A few weeks later part two rolled in; 

*I think that fellow shot me, but for what I do not know.
I felt a hammer hit my back and time moved on so slow.
I heard a lady screamin' as I tumbled from my seat
and I saw a drunken old man just lookin' down at me. *

At that point, my line was disconnected, and I haven't gotten part three. It's bad when ideas don't even arrive in a timely fashion. 

If anybody reading this can put those eight lines of blabber to good use then do so. I hereby release it into public domain, free from all bounds of legal or moral obligations. Take it, use it, sell it, print it and eat it if that's what turns you on. 

Enjoy it, and try to do more with it than I could. If you find a way to make a buck off it, go buy yourself a beverage of your choosing and you'll have made my day.


----------



## aj47 (Jan 10, 2015)

*There's a cold wind blowin' across the ground above my grave
I can feel it's frigid fingers in the casket where I lay
I don't know where I'm goin', I don't know where I've been.
I just know that what I did I won't be doing again. 

**I think that fellow shot me, but for what I do not know.
I felt a hammer hit my back and time moved on so slow.
I heard a lady screamin' as I tumbled from my seat
and I saw a drunken old man just lookin' down at me. 

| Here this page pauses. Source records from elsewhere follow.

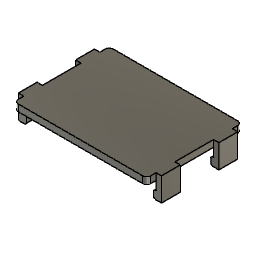
bluetooth module box (Autodesk Fusion 360 design; units mm, degrees)
Autodesk Fusion 360 part; units mm, degrees
note: some values were not read from the file. Set by a fixed rule: which sketch regions a step uses.
sketch "Sketch1" plane through (0, 0, 0) normal (0, 0, 1) x (1, 0, 0) in component "bottom"
  line L0 (0, 0) -> (49.2, 0)
  line L1 (49.2, 0) -> (49.2, 38.3)
  line L2 (49.2, 38.3) -> (0, 38.3)
  line L3 (0, 38.3) -> (0, 0)
  dimension "d6" = 38.3
  dimension "d7" = 49.2
  constraint horizontal L0
  constraint vertical L1
  constraint horizontal L2
  constraint vertical L3
  constraint coincident L0.start L3.end
  measures "d6" distance of L0.end L1.end
  measures "d7" distance of L1.end L2.end
extrude "Extrude1" add sketch "Sketch1" along normal blind 3 makes body 1 in component "bottom"
sketch "Sketch2" plane through (0, 0, 3) normal (0, 0, 1) x (-1, 0, 0) in component "bottom"
  line L0 (0, -38.3) -> (0, 0)
  line L1 (0, 0) -> (-49.2, 0)
  line L2 (-49.2, 0) -> (-49.2, -38.3)
  line L3 (-49.2, -38.3) -> (0, -38.3)
  line L4 (-46.2, -3) -> (-46.2, -35.3)
  line L5 (-46.2, -35.3) -> (-3, -35.3)
  line L6 (-3, -35.3) -> (-3, -3)
  line L7 (-3, -3) -> (-46.2, -3)
extrude "Extrude2" add sketch "Sketch2" along normal blind 12.2 bodies 1 in component "bottom"
sketch "Sketch3" plane through (0, 0, 0) normal (0, -1, 0) x (1, 0, 0) in component "bottom"
  line L0 (0, 0) -> (49.2, 0)
  line L1 (49.2, 0) -> (49.2, 15.2)
  line L2 (49.2, 15.2) -> (0, 15.2)
  line L3 (0, 15.2) -> (0, 0)
  line L4 (29.1, 10.2) -> (44.1, 10.2)
  line L5 (44.1, 10.2) -> (44.1, 7.2)
  line L6 (44.1, 7.2) -> (29.1, 7.2)
  line L7 (29.1, 7.2) -> (29.1, 10.2)
  line L8 (19.6, 12.2) -> (26.1, 12.2)
  line L9 (26.1, 12.2) -> (26.1, 7.2)
  line L10 (26.1, 7.2) -> (19.6, 7.2)
  line L11 (19.6, 7.2) -> (19.6, 12.2)
  line L12 (7.1, 10.2) -> (16.1, 10.2)
  line L13 (16.1, 10.2) -> (16.1, 7.2)
  line L14 (16.1, 7.2) -> (7.1, 7.2)
  line L15 (7.1, 7.2) -> (7.1, 10.2)
  dimension "d13" = 5.1
  dimension "d14" = 7.2
  dimension "d15" = 3
  dimension "d16" = 15
  dimension "d17" = 23.1
  dimension "d18" = 6.5
  dimension "d20" = 7.1
  dimension "d21" = 9
  dimension "d22" = 3
  dimension "d44" = 5
  constraint horizontal L4
  constraint vertical L5
  constraint horizontal L6
  constraint vertical L7
  constraint vertical L9
  constraint horizontal L10
  constraint vertical L11
  constraint collinear L6 L10
  constraint horizontal L12
  constraint vertical L13
  constraint horizontal L14
  constraint vertical L15
  constraint collinear L10 L14
  measures "d13" distance of L1 L5
  measures "d14" distance of L0 L6
  measures "d15" distance of L4.end L5.end
  measures "d16" distance of L4.start L4.end
  measures "d17" distance of L1 L9
  measures "d18" distance of L8.start L8.end
  measures "d20" distance of L3 L15
  measures "d21" distance of L12.start L12.end
  measures "d22" distance of L12.start L14.end
  measures "d44" distance of L8 L10
extrude "Extrude3" cut sketch "Sketch3" against normal blind 3 contours L4 L5 L6 L7 | L8 L9 L10 L11 | L12 L13 L14 L15 bodies 1 in component "bottom"
sketch "Sketch4" plane through (0, 0, 3) normal (0, 0, 1) x (-1, 0, 0) in component "bottom"
  line L0 (-46.2, -3) -> (-46.2, -35.3)
  line L1 (-46.2, -35.3) -> (-3, -35.3)
  line L2 (-3, -35.3) -> (-3, -3)
  line L3 (-3, -3) -> (-46.2, -3)
  line L4 (-5, -5) -> (-44.2, -5) construction
  line L5 (-44.2, -5) -> (-44.2, -33.3) construction
  line L6 (-44.2, -33.3) -> (-5, -33.3) construction
  line L7 (-5, -33.3) -> (-5, -5) construction
  circle A0 centre (-5, -33.3) radius 2
  circle A1 centre (-44.2, -33.3) radius 2
  circle A2 centre (-44.2, -5) radius 2
  circle A3 centre (-5, -5) radius 2
  line L8 (-3, -6) -> (-46.2, -6)
  line L9 (-46.2, -6) -> (-46.2, -3)
  line L10 (-46.2, -3) -> (-3, -3)
  line L11 (-3, -3) -> (-3, -6)
  dimension "d25" = -2
  dimension "d26" = 4
  dimension "d27" = 4
  dimension "d28" = 4
  dimension "d29" = 4
  dimension "d78" = 3
  constraint coincident L6.end L7.start
  constraint coincident L5.end L6.start
  constraint coincident L4.end L5.start
  constraint coincident L4.start L7.end
  constraint horizontal L8
  constraint vertical L9
  constraint horizontal L10
  constraint vertical L11
  constraint collinear L2 L11
  constraint collinear L0 L9
  constraint collinear L3 L10
  measures "d26" diameter of A0
  measures "d27" diameter of A1
  measures "d28" diameter of A2
  measures "d29" diameter of A3
  measures "d78" distance of L8 L10
extrude "Extrude4" add sketch "Sketch4" along normal blind 3 contours A2 L8 | A2 L8 | A3 L8 | A1 | A3 L8 | A0 bodies 1 in component "bottom"
extrude "Extrude7" cut 1 faces at (22.9333, 0, 2.4) along direction (0, 1, 0) blind 3 on bodies 1 bodies 1 in component "bottom"
extrude "Extrude9" add sketch "Sketch4" along normal up to surface (3 mm away) contours L0 L3 A2 L9 L10 | L3 A2 A3 L8 L10 | L2 L3 A3 L10 L11 bodies 1 in component "bottom"
chamfer "Chamfer1" distance 2 angle 45 1 edges at (24.6, 6, 6) on bodies 1 in component "bottom"
fillet "Fillet1" radius 1.5 1 edges at (0, 3, 7.6) on bodies 1 in component "bottom"
fillet "Fillet2" radius 1.5 1 edges at (49.2, 3, 7.6) on bodies 1 in component "bottom"
fillet "Fillet3" radius 1.5 1 edges at (0, 38.3, 7.6) on bodies 1 in component "bottom"
fillet "Fillet4" radius 1.5 1 edges at (49.2, 38.3, 7.6) on bodies 1 in component "bottom"
sketch "Sketch5" plane through (0, 38.3, 0) normal (0, 1, 0) x (-1, 0, 0) in component "bottom"
  line L0 (-47.7, 15.2) -> (-47.7, 0)
  line L1 (-47.7, 0) -> (-1.5, 0)
  line L2 (-1.5, 0) -> (-1.5, 15.2)
  line L3 (-1.5, 15.2) -> (-47.7, 15.2)
  line L4 (-30.5, 18) -> (-7.5, 18)
  line L5 (-7.5, 18) -> (-7.5, 9)
  line L6 (-7.5, 9) -> (-30.5, 9)
  line L7 (-30.5, 9) -> (-30.5, 18)
  line L8 (-49.7, 12.2) -> (-48.2, 12.2)
  line L9 (-48.2, 12.2) -> (-48.2, 8.7)
  line L10 (-48.2, 8.7) -> (-49.7, 8.7)
  line L11 (-49.7, 8.7) -> (-49.7, 12.2)
  line L12 (-49.2, 0) -> (-49.2, 15.2)
  line L13 (0, 15.2) -> (0, 0)
  line L14 (-1, 12.2) -> (0.5, 12.2)
  line L15 (0.5, 12.2) -> (0.5, 8.7)
  line L16 (0.5, 8.7) -> (-1, 8.7)
  line L17 (-1, 8.7) -> (-1, 12.2)
  line L18 (-49.2, 15.2) -> (-49.2, 0)
  line L19 (0, 0) -> (0, 15.2)
  line L20 (-3, 6) -> (-7, 6)
  line L21 (-3, 6) -> (-5, 6)
  dimension "d45" = 6
  dimension "d46" = 23
  dimension "d47" = 9
  dimension "d60" = 3.5
  dimension "d61" = 3
  dimension "d62" = 1.5
  dimension "d64" = 1.5
  dimension "d65" = 3
  dimension "d66" = 3.5
  dimension "d83" = 1
  dimension "d84" = 1
  dimension "d213" = 9
  constraint horizontal L4
  constraint vertical L5
  constraint horizontal L6
  constraint vertical L7
  constraint horizontal L8
  constraint vertical L9
  constraint horizontal L10
  constraint vertical L11
  constraint horizontal L14
  constraint vertical L15
  constraint horizontal L16
  constraint vertical L17
  measures "d45" distance of L2 L5
  measures "d46" distance of L5 L7
  measures "d47" distance of L4.start L6.end
  measures "d60" distance of L8.start L10.end
  measures "d61" distance of L8 L12.end
  measures "d62" distance of L8.start L8.end
  measures "d64" distance of L15 L17
  measures "d65" distance of L13.start L14
  measures "d66" distance of L14 L16
  measures "d83" distance of L9 L18
  measures "d84" distance of L17 L19
  measures "d213" distance of L1 L6
extrude "Extrude5" cut sketch "Sketch5" against normal blind 3 contours L3 L4 L5 L7 | L3 L5 L6 L7 bodies 1 in component "bottom"
cylinder "CylinderPrimitive5" add diameter 1.5 height 1.5 placed x (1, 0, 0) y (0, 1, 0) z (0, 0, 1) at (5, 33.3, 6) bodies 1 in component "bottom"
cylinder "CylinderPrimitive8" add diameter 1.5 height 1.5 placed x (1, 0, 0) y (0, 1, 0) z (0, 0, 1) at (5, 5, 6) bodies 1 in component "bottom"
extrude "Extrude6" cut sketch "Sketch5" against normal through all contours L8 L10 L11 L12 L18 | L8 L9 L10 L12 L18 | L13 L14 L15 L16 L19 | L13 L14 L16 L17 L19 bodies 1 in component "bottom"
sketch "Sketch1 (2)" plane through (0, 0, 0) normal (0, 0, 1) x (1, 0, 0) in component "lid"
  line L0 (0, 0) -> (49.2, 0)
  line L1 (49.2, 0) -> (49.2, 35.3)
  line L2 (0, 35.3) -> (0, 0)
  line L3 (49.2, 35.3) -> (0, 35.3)
  dimension "d218" = 49.2
  dimension "d219" = 35.3
  constraint horizontal L3
  constraint vertical L1
  constraint horizontal L0
  constraint vertical L2
  constraint coincident L0.start L2.end
  measures "d218" distance of L1.end L2.start
  measures "d219" distance of L0.start L2.start
extrude "Extrude1'" add sketch "Sketch1 (2)" along normal blind 2.5 separate body makes body 2 in component "lid"
fillet "Fillet1'" radius 1.5 4 edges at (49.2, 0, 1.25) (49.2, 35.3, 1.25) (0, 35.3, 1.25) (0, 0, 1.25) on bodies 2 in component "lid"
sketch "Sketch2 (2)" plane through (49.2, 0, 0) normal (1, 0, 0) x (0, 1, 0) in component "lid"
  line L0 (33.8, 0) -> (33.8, 2.5)
  line L1 (33.8, 2.5) -> (1.5, 2.5)
  line L2 (1.5, 2.5) -> (1.5, 0)
  line L3 (1.5, 0) -> (33.8, 0)
  line L4 (3.5, 2.5) -> (10.5, 2.5)
  line L5 (10.5, 2.5) -> (10.5, 0)
  line L6 (10.5, 0) -> (3.5, 0)
  line L7 (3.5, 0) -> (3.5, 2.5)
  line L8 (24.8, 2.5) -> (31.8, 2.5)
  line L9 (31.8, 2.5) -> (31.8, 0)
  line L10 (31.8, 0) -> (24.8, 0)
  line L11 (24.8, 0) -> (24.8, 2.5)
  dimension "d224" = 2
  dimension "d225" = 7
  dimension "d226" = 2
  dimension "d227" = 7
  constraint horizontal L4
  constraint vertical L5
  constraint horizontal L6
  constraint vertical L7
  constraint collinear L3 L6
  constraint collinear L1 L4
  constraint horizontal L8
  constraint vertical L9
  constraint horizontal L10
  constraint vertical L11
  constraint collinear L1 L8
  constraint collinear L3 L10
  measures "d224" distance of L2 L7
  measures "d225" distance of L4.start L4.end
  measures "d226" distance of L0 L9
  measures "d227" distance of L8.start L8.end
sketch "Sketch3 (2)" plane through (0, 0, 0) normal (-1, 0, 0) x (0, -1, 0) in component "lid"
  line L0 (-1.5, 0) -> (-1.5, 2.5)
  line L1 (-1.5, 2.5) -> (-33.8, 2.5)
  line L2 (-33.8, 2.5) -> (-33.8, 0)
  line L3 (-33.8, 0) -> (-1.5, 0)
  line L4 (-31.8, 2.5) -> (-24.8, 2.5)
  line L5 (-24.8, 2.5) -> (-24.8, 0)
  line L6 (-24.8, 0) -> (-31.8, 0)
  line L7 (-31.8, 0) -> (-31.8, 2.5)
  line L8 (-10.5, 2.5) -> (-3.5, 2.5)
  line L9 (-3.5, 2.5) -> (-3.5, 0)
  line L10 (-3.5, 0) -> (-10.5, 0)
  line L11 (-10.5, 0) -> (-10.5, 2.5)
  line L12 (-31.8, 0) -> (-24.8, 0)
  line L13 (-24.8, 2.5) -> (-31.8, 2.5)
  dimension "d228" = 2
  dimension "d229" = 7
  dimension "d230" = 7
  dimension "d231" = 2
  constraint horizontal L4
  constraint vertical L5
  constraint horizontal L6
  constraint vertical L7
  constraint horizontal L8
  constraint vertical L9
  constraint horizontal L10
  constraint vertical L11
  constraint collinear L1 L8
  constraint collinear L3 L10
  constraint collinear L6 L12
  constraint collinear L4 L13
  measures "d228" distance of L2 L7
  measures "d229" distance of L4.start L4.end
  measures "d230" distance of L8.start L8.end
  measures "d231" distance of L0 L9
extrude "Extrude2'" add sketch "Sketch2 (2)" along normal blind 2 contours L1 L3 L8 L9 L10 L11 | L1 L3 L4 L5 L6 L7 bodies 2 in component "lid"
extrude "Extrude3'" add sketch "Sketch3 (2)" along normal blind 2 contours L1 L3 L8 L9 L10 L11 | L1 L3 L4 L5 L6 L7 L12 L13 bodies 2 in component "lid"
sketch "Sketch4 (2)" plane through (0, 0, 0) normal (0, 0, -1) x (1, 0, 0) in component "lid"
  arc A0 (1.5, 0) -> (0, -1.5) centre (1.5, -1.5) ccw
  line L0 (0, -1.5) -> (0, -3.5)
  line L1 (0, -3.5) -> (-2, -3.5)
  line L2 (-2, -3.5) -> (-2, -10.5)
  line L3 (-2, -10.5) -> (0, -10.5)
  line L4 (0, -10.5) -> (0, -24.8)
  line L5 (0, -24.8) -> (-2, -24.8)
  line L6 (-2, -24.8) -> (-2, -31.8)
  line L7 (-2, -31.8) -> (0, -31.8)
  line L8 (0, -31.8) -> (0, -33.8)
  arc A1 (0, -33.8) -> (1.5, -35.3) centre (1.5, -33.8) ccw
  line L9 (1.5, -35.3) -> (47.7, -35.3)
  arc A2 (47.7, -35.3) -> (49.2, -33.8) centre (47.7, -33.8) ccw
  line L10 (49.2, -33.8) -> (49.2, -31.8)
  line L11 (49.2, -31.8) -> (51.2, -31.8)
  line L12 (51.2, -31.8) -> (51.2, -24.8)
  line L13 (51.2, -24.8) -> (49.2, -24.8)
  line L14 (49.2, -24.8) -> (49.2, -10.5)
  line L15 (49.2, -10.5) -> (51.2, -10.5)
  line L16 (51.2, -10.5) -> (51.2, -3.5)
  line L17 (51.2, -3.5) -> (49.2, -3.5)
  line L18 (49.2, -3.5) -> (49.2, -1.5)
  arc A3 (49.2, -1.5) -> (47.7, 0) centre (47.7, -1.5) ccw
  line L19 (47.7, 0) -> (1.5, 0)
  line L20 (49.2, -24.8) -> (51.2, -24.8)
  line L21 (51.2, -24.8) -> (51.2, -31.8)
  line L22 (51.2, -31.8) -> (49.2, -31.8)
  line L23 (49.2, -31.8) -> (49.2, -24.8)
  line L24 (49.2, -3.5) -> (51.2, -3.5)
  line L25 (51.2, -3.5) -> (51.2, -10.5)
  line L26 (51.2, -10.5) -> (49.2, -10.5)
  line L27 (49.2, -10.5) -> (49.2, -3.5)
  line L28 (-2, -3.5) -> (0, -3.5)
  line L29 (0, -3.5) -> (0, -10.5)
  line L30 (0, -10.5) -> (-2, -10.5)
  line L31 (-2, -10.5) -> (-2, -3.5)
  line L32 (-2, -24.8) -> (0, -24.8)
  line L33 (0, -24.8) -> (0, -31.8)
  line L34 (0, -31.8) -> (-2, -31.8)
  line L35 (-2, -31.8) -> (-2, -24.8)
  constraint horizontal L20
  constraint vertical L21
  constraint horizontal L22
  constraint vertical L23
  constraint horizontal L24
  constraint vertical L25
  constraint horizontal L26
  constraint vertical L27
  constraint horizontal L28
  constraint vertical L29
  constraint horizontal L30
  constraint vertical L31
  constraint horizontal L32
  constraint vertical L33
  constraint horizontal L34
  constraint vertical L35
  constraint collinear L16 L25
  constraint collinear L17 L24
  constraint collinear L18 L27
  constraint collinear L15 L26
  constraint collinear L12 L21
  constraint collinear L13 L20
  constraint collinear L11 L22
  constraint collinear L14 L23
  constraint collinear L6 L35
  constraint collinear L5 L32
  constraint collinear L4 L33
  constraint collinear L7 L34
  constraint collinear L2 L31
  constraint collinear L1 L28
  constraint collinear L3 L30
  constraint collinear L4 L29
extrude "Extrude4'" add sketch "Sketch4 (2)" along normal blind 6.25 contours L1 L2 L3 L28 L29 L30 L31 | L15 L16 L17 L24 L25 L26 L27 | L5 L6 L7 L32 L33 L34 L35 | L11 L12 L13 L20 L21 L22 L23 bodies 2 in component "lid"
sketch "Sketch15" plane through (49.2, 0, 0) normal (-1, 0, 0) x (0, -1, 0)
  line L0 (-24.8, 0) -> (-31.8, 0)
  line L1 (-31.8, 0) -> (-31.8, -6.25)
  line L2 (-31.8, -6.25) -> (-24.8, -6.25)
  line L3 (-24.8, -6.25) -> (-24.8, 0)
  line L4 (-31.8, -3.25) -> (-24.8, -3.25)
  line L5 (-24.8, -3.25) -> (-24.8, -6.25)
  line L6 (-24.8, -6.25) -> (-31.8, -6.25)
  line L7 (-31.8, -6.25) -> (-31.8, -3.25)
  dimension "d238" = 3
  constraint horizontal L4
  constraint vertical L5
  constraint horizontal L6
  constraint vertical L7
  constraint collinear L2 L6
  constraint collinear L1 L7
  constraint collinear L3 L5
  measures "d238" distance of L4.end L2.end
sketch "Sketch16" plane through (49.2, 0, 0) normal (-1, 0, 0) x (0, -1, 0)
  line L0 (-3.5, 0) -> (-10.5, 0)
  line L1 (-10.5, 0) -> (-10.5, -6.25)
  line L2 (-10.5, -6.25) -> (-3.5, -6.25)
  line L3 (-3.5, -6.25) -> (-3.5, 0)
  line L4 (-10.5, -3.25) -> (-3.5, -3.25)
  line L5 (-3.5, -3.25) -> (-3.5, -6.25)
  line L6 (-3.5, -6.25) -> (-10.5, -6.25)
  line L7 (-10.5, -6.25) -> (-10.5, -3.25)
  dimension "d239" = 3
  constraint horizontal L4
  constraint vertical L5
  constraint horizontal L6
  constraint vertical L7
  constraint collinear L3 L5
  constraint collinear L1 L7
  constraint collinear L2 L6
  measures "d239" distance of L4.end L2.end
sketch "Sketch17" plane through (0, 0, 0) normal (1, 0, 0) x (0, 1, 0)
  line L0 (31.8, 0) -> (24.8, 0)
  line L1 (24.8, 0) -> (24.8, -6.25)
  line L2 (24.8, -6.25) -> (31.8, -6.25)
  line L3 (31.8, -6.25) -> (31.8, 0)
  line L4 (24.8, -3.25) -> (31.8, -3.25)
  line L5 (31.8, -3.25) -> (31.8, -6.25)
  line L6 (31.8, -6.25) -> (24.8, -6.25)
  line L7 (24.8, -6.25) -> (24.8, -3.25)
  dimension "d240" = 3
  constraint horizontal L4
  constraint vertical L5
  constraint horizontal L6
  constraint vertical L7
  constraint collinear L3 L5
  constraint collinear L1 L7
  constraint collinear L2 L6
  measures "d240" distance of L4.end L2.end
sketch "Sketch18" plane through (0, 0, 0) normal (1, 0, 0) x (0, 1, 0)
  line L0 (10.5, 0) -> (3.5, 0)
  line L1 (3.5, 0) -> (3.5, -6.25)
  line L2 (3.5, -6.25) -> (10.5, -6.25)
  line L3 (10.5, -6.25) -> (10.5, 0)
  line L4 (3.5, -3.25) -> (10.5, -3.25)
  line L5 (10.5, -3.25) -> (10.5, -6.25)
  line L6 (10.5, -6.25) -> (3.5, -6.25)
  line L7 (3.5, -6.25) -> (3.5, -3.25)
  dimension "d241" = 3
  constraint horizontal L4
  constraint vertical L5
  constraint horizontal L6
  constraint vertical L7
  constraint collinear L3 L5
  constraint collinear L1 L7
  constraint collinear L2 L6
  measures "d241" distance of L4.end L2.end
extrude "Extrude5'" add sketch "Sketch15" sketch "Sketch16" along normal blind 1 contours L1 L2 L3 L4 L5 L6 L7 of sketch 2 contours L1 L2 L3 L4 L5 L6 L7 bodies 2 in component "lid"
extrude "Extrude6'" add sketch "Sketch17" sketch "Sketch18" along normal blind 1 contours L1 L2 L3 L4 L5 L6 L7 of sketch 2 contours L1 L2 L3 L4 L5 L6 L7 bodies 2 in component "lid"
chamfer "Chamfer1'" distance 0.5 angle 45 8 edges at (48.2, 28.3, -3.25) (48.2, 28.3, -6.25) (48.2, 7, -3.25) (48.2, 7, -6.25) (1, 7, -3.25) (1, 7, -6.25) (1, 28.3, -3.25) (1, 28.3, -6.25) on bodies 2 in component "lid"
move_body "Move1" bodies 1 to x (-1, 0, 0) y (0, -1, 0) z (0, 0, 1) at (48.2, 40.3, 0) in component "bottom"
cylinder "CylinderPrimitive11" add diameter 1.5 height 1.5 placed x (1, 0, 0) y (0, 1, 0) z (0, 0, 1) at (4, 7, 6) separate body makes body 3 in component "bottom"
cylinder "CylinderPrimitive12" add diameter 1.5 height 1.5 placed x (1, 0, 0) y (0, 1, 0) z (0, 0, 1) at (4, 35.3, 6) separate body makes body 4 in component "bottom"
sketch "Sketch5 (2)" plane through (0, 0, 0) normal (0, 0, -1) x (1, 0, 0) in component "lid"
  line L0 (49.2, -31.8) -> (49.2, -24.8)
  line L1 (49.2, -24.8) -> (49.2, -10.5)
  line L2 (49.2, -10.5) -> (49.2, -3.5)
  line L3 (49.2, -3.5) -> (49.2, -1.5)
  arc A0 (49.2, -1.5) -> (47.7, 0) centre (47.7, -1.5) ccw
  line L4 (47.7, 0) -> (1.5, 0)
  arc A1 (1.5, 0) -> (0, -1.5) centre (1.5, -1.5) ccw
  line L5 (0, -1.5) -> (0, -3.5)
  line L6 (0, -3.5) -> (0, -10.5)
  line L7 (0, -10.5) -> (0, -24.8)
  line L8 (0, -24.8) -> (0, -31.8)
  line L9 (0, -31.8) -> (0, -33.8)
  arc A2 (0, -33.8) -> (1.5, -35.3) centre (1.5, -33.8) ccw
  line L10 (1.5, -35.3) -> (47.7, -35.3)
  arc A3 (47.7, -35.3) -> (49.2, -33.8) centre (47.7, -33.8) ccw
  line L11 (49.2, -33.8) -> (49.2, -31.8)
  line L12 (46.1, -35.3) -> (42.2, -35.3)
  line L13 (42.2, -35.3) -> (42.2, -32.3)
  line L14 (42.2, -32.3) -> (46.1, -32.3)
  line L15 (46.1, -32.3) -> (46.1, -35.3)
  line L16 (42.2, -35.3) -> (32.7, -35.3)
  line L17 (32.7, -35.3) -> (32.7, -32.3)
  line L18 (32.7, -32.3) -> (42.2, -32.3)
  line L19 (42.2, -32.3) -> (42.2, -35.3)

*Before I do anything, I want to ask two questions:

Are you looking for a co-write?
Do you want comment/critique on what you have?
How you answer will determine what I do.


----------



## TJ1985 (Jan 10, 2015)

I have had the lyric running around in my head for seven years. I just want to give it to someone who can put it to use. I have no interest in it myself as I'm not a songwriter. My hope was that somebody on this forum might like one of the lines and would be able to use it in something they were working on. 

In retrospect it's a really stupid idea, blurting out a couple of lines and hoping someone can use them in one of their works, but the bullet is out of the gun.


----------



## aj47 (Jan 10, 2015)

Not at all.  I love the first part, but the second part is too restrictive for my muse.  I don't like the seat part.  The reason I asked is that I'd like to play with it, but if I do, it would be a co-write--since you started it.  If that's okay, we're copacetic. 

I have a Thing about intellectual property rights.  Maybe it's because I write, too.  I just think that creators deserve recognition and respect.  I don't want to disrespect you by doing something you don't like with your work.

Is any of that clear?


----------



## TJ1985 (Jan 10, 2015)

I have absolutely no problem with that at all. 

The bit about the seat, I think mentally I had started focusing too much on the syllable count and had let the content slip slightly. I certainly see that in the middle of that second verse I went from one basic feel into a totally different feel. 

As lyrics go, I'm not sure of the etiquette of having the majority of the lines start with "I".


----------



## aj47 (Jan 10, 2015)

When I think of "will this lyric work?" I think of the song "Denise'  
_
Oh, Denise, scooby-doo
I'm in love with you
Denise, scooby-doo
I'm in love with you.
_
So, does this mean Denise is a Great Dane?  She should have been named Fortinbras.

Anyhow, when it's done it may not look like what it looks like now.  My song "Andromeda" had over 30 revisions.

I'll see what I come up with.  Working on it can be my treat when I finish up my online course this wee.


----------



## Firemajic (Jan 15, 2015)

Ever try your hand at writing poetry? Sounds like you are a natural....


----------



## TJ1985 (Jan 15, 2015)

I've considered it, but to be honest I've always felt a little too stupid to do it well. The patterns and couplets, alongside other things, I just never felt like I had enough going on in my skull to try it. I do appreciate the kind words.


----------



## Firemajic (Jan 15, 2015)

The only thing you lack--is self confidence....


----------



## TJ1985 (Jan 15, 2015)

True, but I am actively working on it. If someone had told me five years ago that I'd post work in a public eye with the understanding that it could be shredded, I'd have laughed in their face. At the core, I am afraid of making a fool of myself. 

I do have to say, looking at the poetry mentor badging, you're playing with fire encouraging a guy with as little confidence as I have. I can't guarantee you may not receive a PM sometime including a poorly written poem by a guy who barely understands the concept.


----------



## Firemajic (Jan 15, 2015)

I do play with fire--I am a glass blower, read my poem "Playing with Fire"---Now--send me that PM ! You have already written poetry--you called it lyrics. I am throwing  down the gauntlet--let the games begin...     Peace  BTW--that is a challenge!   Peace always...Julia


----------